======== Given data ========

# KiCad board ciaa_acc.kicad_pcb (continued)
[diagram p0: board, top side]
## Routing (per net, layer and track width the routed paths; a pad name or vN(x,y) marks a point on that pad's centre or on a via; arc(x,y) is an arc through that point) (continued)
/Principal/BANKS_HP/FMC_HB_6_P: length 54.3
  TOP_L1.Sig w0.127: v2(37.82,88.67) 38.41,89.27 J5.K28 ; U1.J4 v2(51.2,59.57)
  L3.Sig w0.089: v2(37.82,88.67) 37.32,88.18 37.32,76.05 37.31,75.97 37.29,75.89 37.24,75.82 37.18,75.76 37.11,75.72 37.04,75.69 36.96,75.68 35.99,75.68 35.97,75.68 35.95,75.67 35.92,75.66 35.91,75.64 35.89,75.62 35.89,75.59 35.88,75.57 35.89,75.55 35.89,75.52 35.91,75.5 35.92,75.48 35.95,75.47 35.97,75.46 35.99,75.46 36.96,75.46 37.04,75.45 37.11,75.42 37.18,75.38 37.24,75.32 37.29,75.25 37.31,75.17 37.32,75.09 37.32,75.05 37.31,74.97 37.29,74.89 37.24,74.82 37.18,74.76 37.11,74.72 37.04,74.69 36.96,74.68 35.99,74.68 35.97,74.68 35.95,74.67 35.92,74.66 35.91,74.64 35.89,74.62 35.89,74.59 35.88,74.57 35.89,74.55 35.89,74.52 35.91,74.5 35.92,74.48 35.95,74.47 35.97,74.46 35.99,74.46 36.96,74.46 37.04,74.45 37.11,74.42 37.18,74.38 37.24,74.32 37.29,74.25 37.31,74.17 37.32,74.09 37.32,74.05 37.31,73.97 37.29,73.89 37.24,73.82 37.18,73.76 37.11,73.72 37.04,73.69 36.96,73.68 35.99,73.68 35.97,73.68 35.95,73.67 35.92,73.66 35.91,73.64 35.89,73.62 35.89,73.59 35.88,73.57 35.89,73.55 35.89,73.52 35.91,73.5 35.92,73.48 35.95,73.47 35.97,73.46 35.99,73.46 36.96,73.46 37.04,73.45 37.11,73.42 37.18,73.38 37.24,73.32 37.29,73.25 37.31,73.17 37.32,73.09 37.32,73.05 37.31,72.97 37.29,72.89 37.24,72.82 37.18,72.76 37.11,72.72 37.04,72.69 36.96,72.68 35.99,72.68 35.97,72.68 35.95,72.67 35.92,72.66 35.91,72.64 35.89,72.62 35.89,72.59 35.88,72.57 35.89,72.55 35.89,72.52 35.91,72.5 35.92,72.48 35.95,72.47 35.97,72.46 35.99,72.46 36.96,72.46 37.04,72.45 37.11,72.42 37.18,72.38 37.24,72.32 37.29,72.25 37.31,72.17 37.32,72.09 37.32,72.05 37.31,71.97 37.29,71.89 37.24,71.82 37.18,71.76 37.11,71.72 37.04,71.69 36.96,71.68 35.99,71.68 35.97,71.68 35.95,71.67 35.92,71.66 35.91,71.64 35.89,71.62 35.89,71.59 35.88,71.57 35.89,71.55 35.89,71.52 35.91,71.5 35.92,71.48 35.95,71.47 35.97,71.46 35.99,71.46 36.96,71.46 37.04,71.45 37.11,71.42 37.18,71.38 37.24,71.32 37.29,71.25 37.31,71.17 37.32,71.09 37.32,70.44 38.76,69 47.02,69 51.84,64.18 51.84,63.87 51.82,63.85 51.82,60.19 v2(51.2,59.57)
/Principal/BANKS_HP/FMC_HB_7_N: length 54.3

========

[Task directions] Beginning with the first line of the listing above, print each line exactly until you have printed the line that contains "TOP_L1.Sig w0.127: v2(37.82,88.67)".

[Solution to this problem]
# KiCad board ciaa_acc.kicad_pcb (continued)
[diagram p0: board, top side]
## Routing (per net, layer and track width the routed paths; a pad name or vN(x,y) marks a point on that pad's centre or on a via; arc(x,y) is an arc through that point) (continued)
/Principal/BANKS_HP/FMC_HB_6_P: length 54.3
  TOP_L1.Sig w0.127: v2(37.82,88.67) 38.41,89.27 J5.K28 ; U1.J4 v2(51.2,59.57)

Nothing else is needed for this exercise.